Erst Troja, dann Volkswagen

Der Vorgänger des Autos war das Pferd. Da man Marchionne als gewohnheitsmäßigem Pulloverträger eine gewisse Exzentrik nicht absprechen kann, sollte er das erste von der neuen Fiat/Chrysler-Gesellschaft für den US-Markt entwickelte Auto "Troja" nennen. Denn so, wie vor dreitausend Jahren die Griechen unter Führung des listenreichen Odysseus mit Hilfe eines Pferdes aus Holz die Festung Troja "knackten", so hat Fiat unter Führung des listigen Marchionne Chrysler mit amerikanischen Geschäftsmethoden und geringstem finanziellen Einsatz erobert.
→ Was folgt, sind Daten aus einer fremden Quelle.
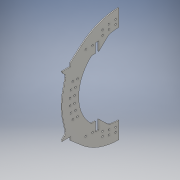
# Autodesk Inventor part: 16in outer coil
Saved by Autodesk Inventor 2016 (Build 200138000, 138)
## iProperties
Created: 2016-01-31
Part Number: 16in outer coil
Material: Polystyrene
Document SubType Name: Modeling
Designer: Scott
Density: 1.021 g/cm^3
Appearance: Smooth - White
Author: Scott
Autodesk Inventor part; units mm, degrees
ref_plane "YZ Plane" through (0, 0, 0) normal (1, 0, 0) x (0, 1, 0)
ref_plane "XZ Plane" through (0, 0, 0) normal (0, 1, 0) x (-1, 0, 0)
sketch "Sketch1" plane through (0, 0, 0) normal (1, 0, 0) x (0, 1, 0)
  arc A0 (203.2, 0) -> (-203.2, 0) centre (0, 0) ccw
  arc A1 (152.4, 0) -> (-152.4, 0) centre (0, 0) ccw
  arc A2 (185.42, 0) -> (-185.42, 0) centre (0, 0) ccw
  line L0 (0, 0) -> (152.4, 0) construction
  line L1 (0, 0) -> (220.2471, 220.2471) construction
  line L2 (0, 0) -> (-217.8171, 217.8171) construction
  line L3 (0, 0) -> (-152.4, 0) construction
  line L4 (203.2, 0) -> (418.8667, 0) construction
  line L5 (152.4, 0) -> (-185.42, 0)
  line L6 (-203.2, 0) -> (-272.3039, 0)
  line L7 (-185.42, 0) -> (-203.2, 0)
  line L8 (-152.4, 0) -> (-203.2, 0)
  line L9 (152.4, 0) -> (203.2, 0)
  arc A3 (168.91, 0) -> (-168.91, 0) centre (0, 0) ccw
  point P0 (181.5133, 37.8617)
  point P1 (184.9846, 12.7)
  point P2 (164.6231, 37.8128)
  point P3 (168.4319, 12.7)
  point P4 (174.6359, 62.3129)
  point P5 (157.0918, 62.0706)
  point P6 (37.8617, 181.5133)
  point P7 (12.7, 184.9846)
  point P8 (37.8128, 164.6231)
  point P9 (12.7, 168.4319)
  point P10 (62.3129, 174.6359)
  point P11 (62.0706, 157.0918)
  point P12 (-62.3129, 174.6359)
  point P13 (-37.8617, 181.5133)
  point P14 (-62.0706, 157.0918)
  point P15 (-37.8128, 164.6231)
  point P16 (-12.7, 168.4319)
  point P17 (-12.7, 184.9846)
  point P18 (-157.0918, 62.0706)
  point P19 (-174.6359, 62.3129)
  point P20 (-181.5133, 37.8617)
  point P21 (-164.6231, 37.8128)
  point P22 (-168.4319, 12.7)
  point P23 (-184.9846, 12.7)
  dimension "d0" = 406.4
  dimension "d2" = 304.8
  dimension "d3" = 370.84
  dimension "d5" = 50.8
  dimension "d6" = 25.4
  dimension "d7" = 25.4
  dimension "d8" = 12.7
  dimension "d9" = 12.7
  dimension "d10" = 25.4
  dimension "d11" = 25.4
  dimension "d12" = 45
  dimension "d13" = 45
  constraints: 20 end point, 16 point on circle, 12 symmetric about line, 4 centre point, 4 coincident, 3 horizontal, 3 point on line, 1 collinear
  measures "d0" diameter of A0
  measures "d2" diameter of A1
  measures "d3" diameter of A2
  measures "d5" radial gap between concentric circles of A1 A0
  measures "d6" distance of point (184.985, 12.7) point (181.513, 37.862)
  measures "d7" distance of point (168.432, 12.7) point (164.623, 37.813)
  measures "d8" distance from line of L0 point (184.985, 12.7)
  measures "d9" distance from line of L0 point (168.432, 12.7)
  measures "d10" distance of point (181.513, 37.862) point (174.636, 62.313)
  measures "d11" distance of point (164.623, 37.813) point (157.092, 62.071)
  measures "d12" angle of L3 L2
  measures "d13" angle of L0 L1
extrude "Extrusion1" add sketch "Sketch1" along normal blind 6.35 contours L9 A2 L7 A0 | L9 A3 L5 A2 | L9 A1 L5 A3
hole "Hole1" at (0, 181.5133, 37.8617) at (0, 184.9846, 12.7) at (0, 164.6231, 37.8128) at (0, 168.4319, 12.7) at (0, 174.6359, 62.3129) at (0, 157.0918, 62.0706) at (0, 62.3129, 174.6359) at (0, 37.8617, 181.5133) at (0, 62.0706, 157.0918) at (0, 37.8128, 164.6231) at (0, 12.7, 168.4319) at (0, 12.7, 184.9846) at (0, -62.0706, 157.0918) at (0, -62.3129, 174.6359) at (0, -37.8617, 181.5133) at (0, -37.8128, 164.6231) at (0, -12.7, 168.4319) at (0, -12.7, 184.9846) at (0, -184.9846, 12.7) at (0, -168.4319, 12.7) at (0, -181.5133, 37.8617) at (0, -164.6231, 37.8128) at (0, -174.6359, 62.3129) at (0, -157.0918, 62.0706) direction (1, 0, 0) diameter 6.604 end through all
sketch "Sketch2" plane through (6.35, 0, 0) normal (1, 0, 0) x (0, 0, -1)
  arc A0 (0, 215.9) -> (0, -215.9) centre (0, 0) ccw
  arc A1 (0, 203.2) -> (0, -203.2) centre (0, 0) ccw projected
  line L0 (0, 203.2) -> (0, 215.9)
  line L1 (0, -203.2) -> (0, -215.9)
  dimension "d23" = 431.8
  constraints: 4 end point, 2 point on circle, 1 centre point, 1 coincident, 1 point on line, 1 vertical
  measures "d23" diameter of A0
extrude "Extrusion2" add sketch "Sketch2" against normal blind 6.35
sketch "Sketch3" plane through (6.35, 0, 0) normal (1, 0, 0) x (0, 0, -1)
  circle A0 centre (-62.3129, -174.6359) radius 3.302 projected
  circle A1 centre (-37.8617, -181.5133) radius 3.302 projected
  circle A2 centre (-12.7, -184.9846) radius 3.302 projected
  circle A3 centre (-168.4319, -12.7) radius 3.302 projected
  circle A4 centre (-181.5133, -37.8617) radius 3.302 projected
  circle A5 centre (-157.0918, -62.0706) radius 3.302 projected
  circle A6 centre (-168.4319, 12.7) radius 3.302 projected
  circle A7 centre (-157.0918, 62.0706) radius 3.302 projected
  circle A8 centre (-174.6359, 62.3129) radius 3.302 projected
  circle A9 centre (-62.3129, 174.6359) radius 3.302 projected
  circle A10 centre (-37.8128, 164.6231) radius 3.302 projected
  circle A11 centre (-37.8617, 181.5133) radius 3.302 projected
  circle A12 centre (-12.7, 184.9846) radius 3.302 projected
  circle A13 centre (-12.7, 168.4319) radius 3.302 projected
  circle A14 centre (-62.0706, 157.0918) radius 3.302 projected
  circle A15 centre (-181.5133, 37.8617) radius 3.302 projected
  circle A16 centre (-164.6231, 37.8128) radius 3.302 projected
  circle A17 centre (-184.9846, 12.7) radius 3.302 projected
  circle A18 centre (-174.6359, -62.3129) radius 3.302 projected
  circle A19 centre (-164.6231, -37.8128) radius 3.302 projected
  circle A20 centre (-184.9846, -12.7) radius 3.302 projected
  circle A21 centre (-12.7, -168.4319) radius 3.302 projected
  circle A22 centre (-37.8128, -164.6231) radius 3.302 projected
  circle A23 centre (-62.0706, -157.0918) radius 3.302 projected
  line L0 (0, 152.4) -> (0, 215.9) projected
  arc A24 (0, 215.9) -> (0, -215.9) centre (0, 0) ccw projected
  line L1 (0, -152.4) -> (0, -215.9) projected
  arc A25 (0, 152.4) -> (0, -152.4) centre (0, 0) ccw projected
extrude "Extrusion3" cut sketch "Sketch3" against normal blind 3.175
sketch "Sketch4" plane through (3.175, 0, 0) normal (1, 0, 0) x (0, 0, -1)
  arc A0 (0, 215.9) -> (0, -215.9) centre (0, 0) ccw projected
  line L0 (-183.162, -114.3) -> (-266.6206, -114.3)
  line L1 (-183.162, -114.3) -> (-183.162, -127)
  line L2 (-183.162, -127) -> (-174.5961, -127)
  arc A1 (-183.162, -114.3) -> (-174.5961, -127) centre (0, 0) ccw
  line L3 (0, 0) -> (-55.1086, 0) construction
  line L4 (-183.162, 114.3) -> (-183.162, 127)
  line L5 (-183.162, 127) -> (-174.5961, 127)
  arc A2 (-174.5961, 127) -> (-183.162, 114.3) centre (0, 0) ccw
  line L6 (-183.162, -127) -> (-141.3083, -163.2323)
  line L7 (-141.3083, -163.2323) -> (-141.3083, -138.6282)
  line L8 (-141.3083, -138.6282) -> (-174.5961, -127)
  line L9 (-183.162, 127) -> (-141.3083, 163.2323)
  line L10 (-174.5961, 127) -> (-141.3083, 120.9425)
  line L11 (-141.3083, 120.9425) -> (-141.3083, 163.2323)
  dimension "d28" = 114.3
  dimension "d29" = 12.7
  constraints: 24 end point, 8 point on circle, 3 horizontal, 3 symmetric about line, 2 centre point, 2 tangent, 2 vertical, 1 concentric, 1 other
  measures "d28" distance from line of point (0, 0) L0
  measures "d29" distance of L0.start L1.end
extrude "Extrusion5" add sketch "Sketch4" against normal blind 3.175 contours L11 L10 A0 | A0 L5 L9 | A0 L2 L1 | A0 L4 L5 | A0 L6 L2
sketch "Sketch5" plane through (3.175, 0, 0) normal (1, 0, 0) x (0, 0, -1)
  line L0 (-183.162, 127) -> (-183.162, 114.3) projected
  line L1 (-183.162, 114.3) -> (-195.862, 114.3)
  line L2 (-195.862, 114.3) -> (-210.8216, 46.5518)
  arc A0 (-183.162, 114.3) -> (-183.162, -114.3) centre (0, 0) ccw projected
  line L3 (-210.8216, 46.5518) -> (-192.3409, 71.251)
  line L4 (-192.3409, 71.251) -> (-183.162, 114.3)
  line L5 (-183.162, -127) -> (-183.162, -114.3) projected
  line L6 (-183.162, -114.3) -> (-195.862, -114.3)
  line L7 (-195.862, -114.3) -> (-210.8216, -46.5518)
  line L8 (-210.8216, -46.5518) -> (-195.3713, -59.0073)
  line L9 (-195.3713, -59.0073) -> (-183.162, -114.3)
  dimension "d34" = 12.7
  dimension "d35" = 12.7
  constraints: 16 end point, 2 horizontal, 2 point on circle, 2 tangent, 1 parallel, 1 point on line
  measures "d34" distance of L0.end L1.end
  measures "d35" distance of L5.end L6.end
extrude "Extrusion6" add sketch "Sketch5" against normal blind 3.175 contours A0 L2 L1 | A0 L6 L7
sketch "Sketch9" plane through (3.175, 0, 0) normal (1, 0, 0) x (0, 0, -1)
  line L0 (-92.2547, 269.24) -> (-92.2547, 299.72) projected
  line L1 (-150.1234, 299.72) -> (-92.2547, 299.72) projected
  line L2 (-198.5102, 285.4918) -> (-150.1234, 299.72) projected
  arc A0 (-198.5102, 285.4918) -> (-213.4606, 273.6152) centre (-191.3446, 261.1234) ccw projected
  line L3 (-215.9318, 269.24) -> (-213.4606, 273.6152) projected
  line L4 (-92.2547, 269.24) -> (-215.9318, 269.24) projected
  circle A1 centre (-125.6507, 284.48) radius 3.302 projected
  circle A2 centre (-100.2507, 284.48) radius 3.302 projected
  arc A3 (-60.2763, 194.0541) -> (60.2763, -194.0541) centre (0, 0) ccw projected
  line L5 (-92.2547, -15.24) -> (-92.2547, 15.24) projected
  line L6 (-92.2547, 15.24) -> (-215.9318, 15.24) projected
  line L7 (-215.9318, 15.24) -> (-213.4606, 10.8648) projected
  arc A4 (-213.4606, 10.8648) -> (-198.5102, -1.0118) centre (-191.3446, 23.3566) ccw projected
  line L8 (-198.5102, -1.0118) -> (-150.1234, -15.24) projected
  line L9 (-150.1234, -15.24) -> (-92.2547, -15.24) projected
  circle A5 centre (-100.2507, 0) radius 3.302 projected
  circle A6 centre (-125.6507, 0) radius 3.302 projected
  line L10 (-92.2547, 127) -> (-92.2547, 157.48) projected
  line L11 (-150.1234, 157.48) -> (-92.2547, 157.48) projected
  line L12 (-198.5102, 143.2518) -> (-150.1234, 157.48) projected
  arc A7 (-198.5102, 143.2518) -> (-213.4606, 131.3752) centre (-191.3446, 118.8834) ccw projected
  line L13 (-215.9318, 127) -> (-213.4606, 131.3752) projected
  line L14 (-92.2547, 127) -> (-215.9318, 127) projected
  circle A8 centre (-125.6507, 142.24) radius 3.302 projected
  circle A9 centre (-100.2507, 142.24) radius 3.302 projected
  line L15 (-92.2547, -157.48) -> (-92.2547, -127) projected
  line L16 (-92.2547, -127) -> (-215.9318, -127) projected
  line L17 (-215.9318, -127) -> (-213.4606, -131.3752) projected
  arc A10 (-213.4606, -131.3752) -> (-198.5102, -143.2518) centre (-191.3446, -118.8834) ccw projected
  line L18 (-198.5102, -143.2518) -> (-150.1234, -157.48) projected
  line L19 (-150.1234, -157.48) -> (-92.2547, -157.48) projected
  circle A11 centre (-100.2507, -142.24) radius 3.302 projected
  circle A12 centre (-125.6507, -142.24) radius 3.302 projected
  point P0 (0, 0)
  constraints: 4 coincident
hole "Hole4" at (3.175, 142.24, 100.2507) at (3.175, 142.24, 125.6507) at (3.175, -142.24, 100.2507) at (3.175, -142.24, 125.6507) direction (-1, 0, 0) diameter 6.604 end through all
sketch "Sketch11" plane through (3.175, 0, 0) normal (1, 0, 0) x (0, 0, -1)
  line L0 (-88.9, -145.9119) -> (-88.9, -103.2908) projected
  line L1 (-76.2, -103.2908) -> (-76.2, -145.9119) projected
  line L2 (-88.9, 103.2908) -> (-88.9, 145.9119) projected
  line L3 (-76.2, 145.9119) -> (-76.2, 103.2908) projected
  line L4 (-88.9, 145.9119) -> (-76.2, 145.9119)
  line L5 (-76.2, 145.9119) -> (-76.2, 103.2908)
  line L6 (-76.2, 103.2908) -> (-88.9, 103.2908)
  line L7 (-88.9, 103.2908) -> (-88.9, 145.9119)
  line L8 (-88.9, -145.9119) -> (-76.2, -145.9119)
  line L9 (-76.2, -145.9119) -> (-76.2, -103.2908)
  line L10 (-76.2, -103.2908) -> (-88.9, -103.2908)
  line L11 (-88.9, -103.2908) -> (-88.9, -145.9119)
  point P0 (0, 0)
  constraints: 16 end point, 4 parallel, 2 horizontal, 2 perpendicular
extrude "Extrusion10" cut sketch "Sketch11" against normal blind 25.4
sketch "Sketch12" plane through (3.175, 0, 0) normal (1, 0, 0) x (0, 0, -1)
  circle A0 centre (-62.0706, -157.0918) radius 3.302 projected
  circle A1 centre (-37.8128, -164.6231) radius 3.302 projected
  circle A2 centre (-12.7, -168.4319) radius 3.302 projected
  circle A3 centre (-184.9846, -12.7) radius 3.302 projected
  circle A4 centre (-164.6231, -37.8128) radius 3.302 projected
  circle A5 centre (-174.6359, -62.3129) radius 3.302 projected
  circle A6 centre (-184.9846, 12.7) radius 3.302 projected
  circle A7 centre (-164.6231, 37.8128) radius 3.302 projected
  circle A8 centre (-181.5133, 37.8617) radius 3.302 projected
  circle A9 centre (-62.0706, 157.0918) radius 3.302 projected
  circle A10 centre (-12.7, 168.4319) radius 3.302 projected
  circle A11 centre (-12.7, 184.9846) radius 3.302 projected
  circle A12 centre (-37.8617, 181.5133) radius 3.302 projected
  circle A13 centre (-37.8128, 164.6231) radius 3.302 projected
  circle A14 centre (-62.3129, 174.6359) radius 3.302 projected
  circle A15 centre (-174.6359, 62.3129) radius 3.302 projected
  circle A16 centre (-157.0918, 62.0706) radius 3.302 projected
  circle A17 centre (-168.4319, 12.7) radius 3.302 projected
  circle A18 centre (-157.0918, -62.0706) radius 3.302 projected
  circle A19 centre (-181.5133, -37.8617) radius 3.302 projected
  circle A20 centre (-168.4319, -12.7) radius 3.302 projected
  circle A21 centre (-12.7, -184.9846) radius 3.302 projected
  circle A22 centre (-37.8617, -181.5133) radius 3.302 projected
  circle A23 centre (-62.3129, -174.6359) radius 3.302 projected
  line L0 (-76.2, -131.9823) -> (-76.2, -145.9119) projected
  line L1 (-76.2, -145.9119) -> (-88.9, -145.9119) projected
  line L2 (-88.9, -145.9119) -> (-88.9, -123.7843) projected
  arc A24 (-88.9, 123.7843) -> (-88.9, -123.7843) centre (0, 0) ccw projected
  line L3 (-88.9, 123.7843) -> (-88.9, 145.9119) projected
  line L4 (-88.9, 145.9119) -> (-76.2, 145.9119) projected
  line L5 (-76.2, 145.9119) -> (-76.2, 131.9823) projected
  arc A25 (0, 152.4) -> (-76.2, 131.9823) centre (0, 0) ccw projected
  line L6 (0, 215.9) -> (0, 152.4) projected
  arc A26 (0, 215.9) -> (-141.3083, 163.2323) centre (0, 0) ccw projected
  line L7 (-141.3083, 163.2323) -> (-183.162, 127) projected
  line L8 (-183.162, 127) -> (-183.162, 114.3) projected
  line L9 (-183.162, 114.3) -> (-195.862, 114.3) projected
  line L10 (-195.862, 114.3) -> (-210.8216, 46.5518) projected
  arc A27 (-210.8216, 46.5518) -> (-210.8216, -46.5518) centre (0, 0) ccw projected
  line L11 (-210.8216, -46.5518) -> (-195.862, -114.3) projected
  line L12 (-195.862, -114.3) -> (-183.162, -114.3) projected
  line L13 (-183.162, -114.3) -> (-183.162, -127) projected
  line L14 (-183.162, -127) -> (-141.3083, -163.2323) projected
  arc A28 (-141.3083, -163.2323) -> (0, -215.9) centre (0, 0) ccw projected
  line L15 (0, -152.4) -> (0, -215.9) projected
  arc A29 (-76.2, -131.9823) -> (0, -152.4) centre (0, 0) ccw projected
  circle A30 centre (-125.6507, -142.24) radius 3.302 projected
  circle A31 centre (-125.6507, 142.24) radius 3.302 projected
  circle A32 centre (-100.2507, 142.24) radius 3.302 projected
  circle A33 centre (-100.2507, -142.24) radius 3.302 projected
  line L16 (-76.2, -103.2908) -> (-76.2, -145.9119) projected
  line L17 (-76.2, 145.9119) -> (-76.2, 103.2908) projected
  line L18 (-76.2, -131.9823) -> (-76.2, -145.9119) projected
  line L19 (-76.2, -145.9119) -> (-76.2, -123.8289)
  arc A34 (-76.2, -131.9823) -> (0, -152.4) centre (0, 0) ccw projected
  line L20 (-249.0244, -114.3) -> (0, -114.3) projected
  line L21 (-76.2, -131.9823) -> (-76.2, -123.8289)
  arc A35 (-76.2, -131.9823) -> (-38.1, -147.5607) centre (0, 0) ccw
  arc A36 (0, 152.4) -> (-76.2, 131.9823) centre (0, 0) ccw projected
  line L22 (0, 0) -> (-39.444, 0)
  line L23 (-249.0244, 127) -> (0, 127)
  line L24 (-76.2, 145.9119) -> (-76.2, 131.9823) projected
  line L25 (-76.2, 127) -> (-76.2, 131.9823)
  arc A37 (-38.1, 147.5607) -> (-76.2, 131.9823) centre (0, 0) ccw
  line L26 (-249.0244, 123.825) -> (0, 123.825)
  line L27 (-249.0244, -114.3) -> (0, -114.3)
  line L28 (-76.2, 123.825) -> (-38.1, 147.5607)
  line L29 (0, -123.825) -> (-249.0244, -123.825)
  line L30 (-76.2, -123.8289) -> (-38.1, -147.5607)
  dimension "d67" = 22.1276
  dimension "d68" = 38.1
  dimension "d71" = 38.1
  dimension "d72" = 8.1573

Chapeau!

Was im deutschen Fußball üblich ist, sollte der deutschen Automobilindustrie deshalb nicht fremd sein: die Beschäftigung von ausländischem Personal. Sollte eines Tages ein großer deutscher Automobilkonzern aus dem Aller-Urstromtal geeigneten Führungsersatz suchen, böte sich Marchionne und eine Fusion mit Fiat/Chrysler an: Mit Marchionne würde ein genialer Automobilstratege den Vorsitz übernehmen, der US-amerikanische Markt wäre über Nacht für den eigenen US-lahmen Konzern erobert, und in Europa gehörte mit Fiat endlich auch die langersehnte Marke Alfa Romeo zum Produktportfolio.

Und last but not least: Man wäre mit einem Schlag die Nr. 1 in der Welt, vor Toyota und GM, eine Position, auf der man sonst mühsam erst 2018 ankommen wollte, wenn überhaupt. Und zum Schaden der Anteilseigner sollte das Ganze auch nicht sein! Noch Fragen?